TURGO.ID – Ikan asin merupakan produk makanan olahan yang banyak dijumpai di pasar tradisional Sulawesi Tenggara (Sultra). Pasar tradisional yang ada di Kota Kendari (ibu kota Sulawesi Tenggara) pun dapat dijumpai berbagai jenis ikan asin.
Meski angka kunjungan wisatawan di Sulawesi Tenggara (Sultra) mengalami penurunan akibat pandemi Covid-19, tetapi peminat ikan asin dari luar provinsi ini tak ikut lengang. Ia tetap laris dikonsumsi masyarakat Sultra ataupun sebagai oleh-oleh (buah tangan) untuk dibawa keluar. Ikan asin seperti punya pangsa pasarnya sendiri.
Salah satu tempat untuk mendapatkan ikan asin dalam Kota Kendari berada di Pasar Mandonga.
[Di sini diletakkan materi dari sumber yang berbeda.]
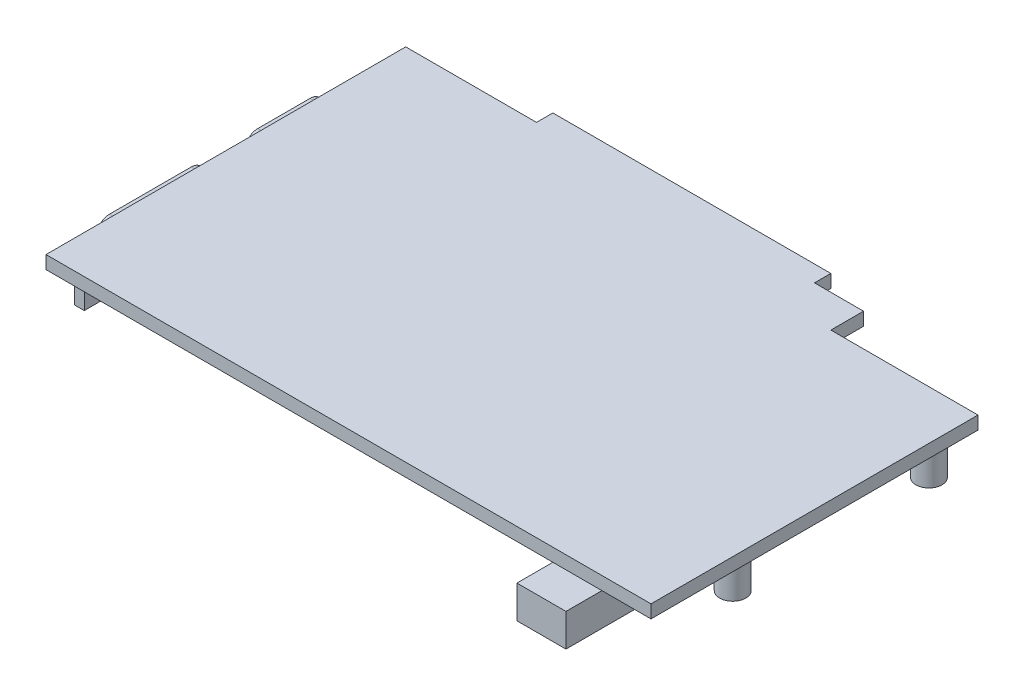
from build123d import *

# Parameters (mm, degrees)
SKETCH1_W               = 185
SKETCH1_H               = 100
BOSS_EXTRUDE1_DEPTH     = 4
BOSS_EXTRUDE2_DEPTH     = 4
SKETCH3_W               = 10
SKETCH3_H               = 100
BOSS_EXTRUDE3_DEPTH     = 15
SKETCH4_W               = 20
SKETCH4_H               = 70
BOSS_EXTRUDE4_DEPTH     = 6
SKETCH5_W               = 15
SKETCH5_H               = 20
BOSS_EXTRUDE5_DEPTH     = 10
SKETCH6_R               = 4
BOSS_EXTRUDE6_DEPTH     = 10
SKETCH7_OUTSIDE_W       = 162.144
SKETCH7_OUTSIDE_H       = 66.144
CUT_EXTRUDE1_DEPTH      = 7
CUT_EXTRUDE2_DEPTH      = 7
CUT_EXTRUDE2_DEPTH_BACK = 7
SKETCH8_R               = 1.25
SKETCH9_W               = 15
SKETCH9_H               = 10
BOSS_EXTRUDE7_DEPTH     = 11
SKETCH10_W              = 91
SKETCH10_H              = 73
BOSS_EXTRUDE8_DEPTH     = 18


with BuildPart() as part:
    # Sketch1 → Boss-Extrude1 (new body)
    with BuildSketch(Plane(origin=(0, 0, 0), x_dir=(1, 0, 0), z_dir=(0, 1, 0))):
        with Locations((92.5, 50)):
            Rectangle(SKETCH1_W, SKETCH1_H)
    extrude(amount=BOSS_EXTRUDE1_DEPTH)

    # Sketch2 → Boss-Extrude2 (add)
    with BuildSketch(Plane(origin=(0, 4, 0), x_dir=(-1, 0, 0), z_dir=(0, 1, 0))):
        Polygon((-40, -115), (-40, -110), (0, -110), (0, -100), (-140, -100), (-140, -110), (-125, -110), (-125, -115), align=None)
    extrude(amount=-BOSS_EXTRUDE2_DEPTH)

    # Sketch3 → Boss-Extrude3 (add)
    with BuildSketch(Plane.XZ):
        with Locations((-3.300721775, -60)):
            Rectangle(SKETCH3_W, SKETCH3_H)
    extrude(amount=BOSS_EXTRUDE3_DEPTH)

    # Sketch4 → Boss-Extrude4 (add)
    with BuildSketch(Plane.XZ):
        with Locations((137.629312938, -55)):
            Rectangle(SKETCH4_W, SKETCH4_H)
    extrude(amount=BOSS_EXTRUDE4_DEPTH)

    # Sketch5 → Boss-Extrude5 (add)
    with BuildSketch(Plane.XZ):
        with Locations((162.5, -10)):
            Rectangle(SKETCH5_W, SKETCH5_H)
    extrude(amount=BOSS_EXTRUDE5_DEPTH)

    # Sketch6 → Boss-Extrude6 (add)
    with BuildSketch(Plane.XZ):
        with Locations((180, -30)):
            Circle(SKETCH6_R)
        with Locations((180, -90)):
            Circle(SKETCH6_R)
    extrude(amount=BOSS_EXTRUDE6_DEPTH)

    # Sketch7 outside → Cut-Extrude1 (cut)
    with BuildSketch(Plane.ZY.offset(8.300721775)):
        with Locations((-57.5, -5.5)):
            Rectangle(SKETCH7_OUTSIDE_W, SKETCH7_OUTSIDE_H)
        with BuildLine():
            Line((-27.721260458, -11.311695685), (-52.721260458, -11.311695685))
            ThreePointArc((-52.721260458, -11.311695685), (-56.721260458, -7.311695685), (-52.721260458, -3.311695685))
            Line((-52.721260458, -3.311695685), (-27.721260458, -3.311695685))
            ThreePointArc((-27.721260458, -3.311695685), (-23.721260458, -7.311695685), (-27.721260458, -11.311695685))
        make_face(mode=Mode.SUBTRACT)
        with BuildLine():
            Line((-73.057716075, -11.311695685), (-89.057716075, -11.311695685))
            ThreePointArc((-89.057716075, -11.311695685), (-93.057716075, -7.311695685), (-89.057716075, -3.311695685))
            Line((-89.057716075, -3.311695685), (-73.057716075, -3.311695685))
            ThreePointArc((-73.057716075, -3.311695685), (-69.057716075, -7.311695685), (-73.057716075, -11.311695685))
        make_face(mode=Mode.SUBTRACT)
    extrude(amount=-CUT_EXTRUDE1_DEPTH, mode=Mode.SUBTRACT)

    # Sketch8 → Cut-Extrude2 (cut, two sides: drawn at the far end of the back side and taken through both)
    with BuildSketch(Plane.ZY.offset(1.300721775).offset(-CUT_EXTRUDE2_DEPTH_BACK)):
        with Locations((-24.221260458, -7.311695685)):
            Circle(SKETCH8_R)
        with Locations((-56.221260458, -7.311695685)):
            Circle(SKETCH8_R)
        with Locations((-68.807716075, -7.311695685)):
            Circle(SKETCH8_R)
        with Locations((-93.307716075, -7.311695685)):
            Circle(SKETCH8_R)
    extrude(amount=CUT_EXTRUDE2_DEPTH + CUT_EXTRUDE2_DEPTH_BACK, mode=Mode.SUBTRACT)

    # Sketch9 → Boss-Extrude7 (add)
    with BuildSketch(Plane.XY):
        with Locations((162.5, -5)):
            Rectangle(SKETCH9_W, SKETCH9_H)
    extrude(amount=BOSS_EXTRUDE7_DEPTH)

    # Sketch10 → Boss-Extrude8 (add)
    with BuildSketch(Plane.XZ):
        with Locations((82.5, -58.5)):
            Rectangle(SKETCH10_W, SKETCH10_H)
    extrude(amount=BOSS_EXTRUDE8_DEPTH)


solid = part.part

Lokasi tepat Pasar Mandonga dapat diklik melalui maps, https://g.co/kgs/YKYGCr
Di pasar ini, berbagai jenis ikan laut yang diasinkan digelar. Jenis sunu, kakap, teri, maupun cumi didagangkan. Terasi berkualitas pun ada di pasar yang tepat berada di jalan utama Kota Kendari ini.
Salah seorang pedagang ikan asin di pasar ini mengungkapkan kalau para pembeli kerap membeli untuk dijadikan buah tangan (oleh-oleh) keluar Sulawesi Tenggara.
Untuk ikan asin jenis sunu dan kakap seharga Rp 120.000,- dan Rp 135.000,- per kilogram atau naik dibanding sebelumnya yang hanya Rp 100.000,- per kilogram. Sementara itu, ikan teri harganya bervariasi antara Rp 90.000,- per kilogram untuk kualitas sedang dan Rp 110.000,- hingga Rp 135.000,- per kilogram untuk kualitas terbaik.
Sejarah Ikan Asin
Di Indonesia ikan asin memiliki sejarah panjang. Kerap dipandang makanan kelas bawah, ikan asin merupakan olahan yang tak asing bagi masyarakat Indonesia. Beragam olahan kuliner dapat dikreasikan dari bahan makanan satu ini.
Ikan asin Indonesia pernah menjadi salah satu hidangan upacara adat. Sebagaimana yang ditulis Titi Surti Nastiti, seorang Arkeolog Indonesia dalam bukunya yang berjudul “Pasar di Jawa: Masa Mataram Kuno Abad VIII-XI Masehi”, menjelaskan aktivitas ekonomi dan sosial masyakarat Mataram Kuno, termasuk sejarah ikan asin.
Dalam buku tersebut terungkap, masyarakat Mataram Kuno menjadikan ikan asin menjadi salah satu komoditi yang kerap diperdagangkan di pasar-pasar di Jawa sejak 13 abad silam.
Titi menjelaskan sejarah ikan asin dari dua prasasti. Prasasti pertama adalah Prasasti Pangumulan A yang berangka tahun 824 Saka atau 902 Masehi. Prasasti kedua adalah Prasasti Rukam yang berangka tahun 829 Saka atau 907 Masehi. Prasasti itu menjelaskan, tentang beberapa jenis ikan yang dijadikan ikan asin pada masa itu.
“Jenis ikan yang diasinkan atau dendeng ikan, terutama jenis-jenis ikan laut seperti ikan kembung, ikan kakap, ikan tenggiri,” tulis Titi merujuk Prasasti Pangumulan A.
Tulisan Titi menyebut, kedua prasasti menjelaskan istilah ikan asin yang dikeringkan disebut grih atau dendain. Dalam Prasasti Rukam, grih atau dendain digunakan sebagai hidangan yang disajikan dalam upacara penetapan sima (tanah suci).
Dari bukti sejarah itu, ikan asin rupanya tak hanya jenis makanan yang dikonsumsi sehari-hari, tetapi juga jadi hidangan yang disajikan dalam upacara-upacara besar.
Terlepas dari stigma tak berkelasnya, ikan asin tetap jadi bagian perjalanan suatu masyakarat membangun ekonominya. Kini, setelah 13 abad, ikan asin masih eksis di tengah masyakarat Indonesia.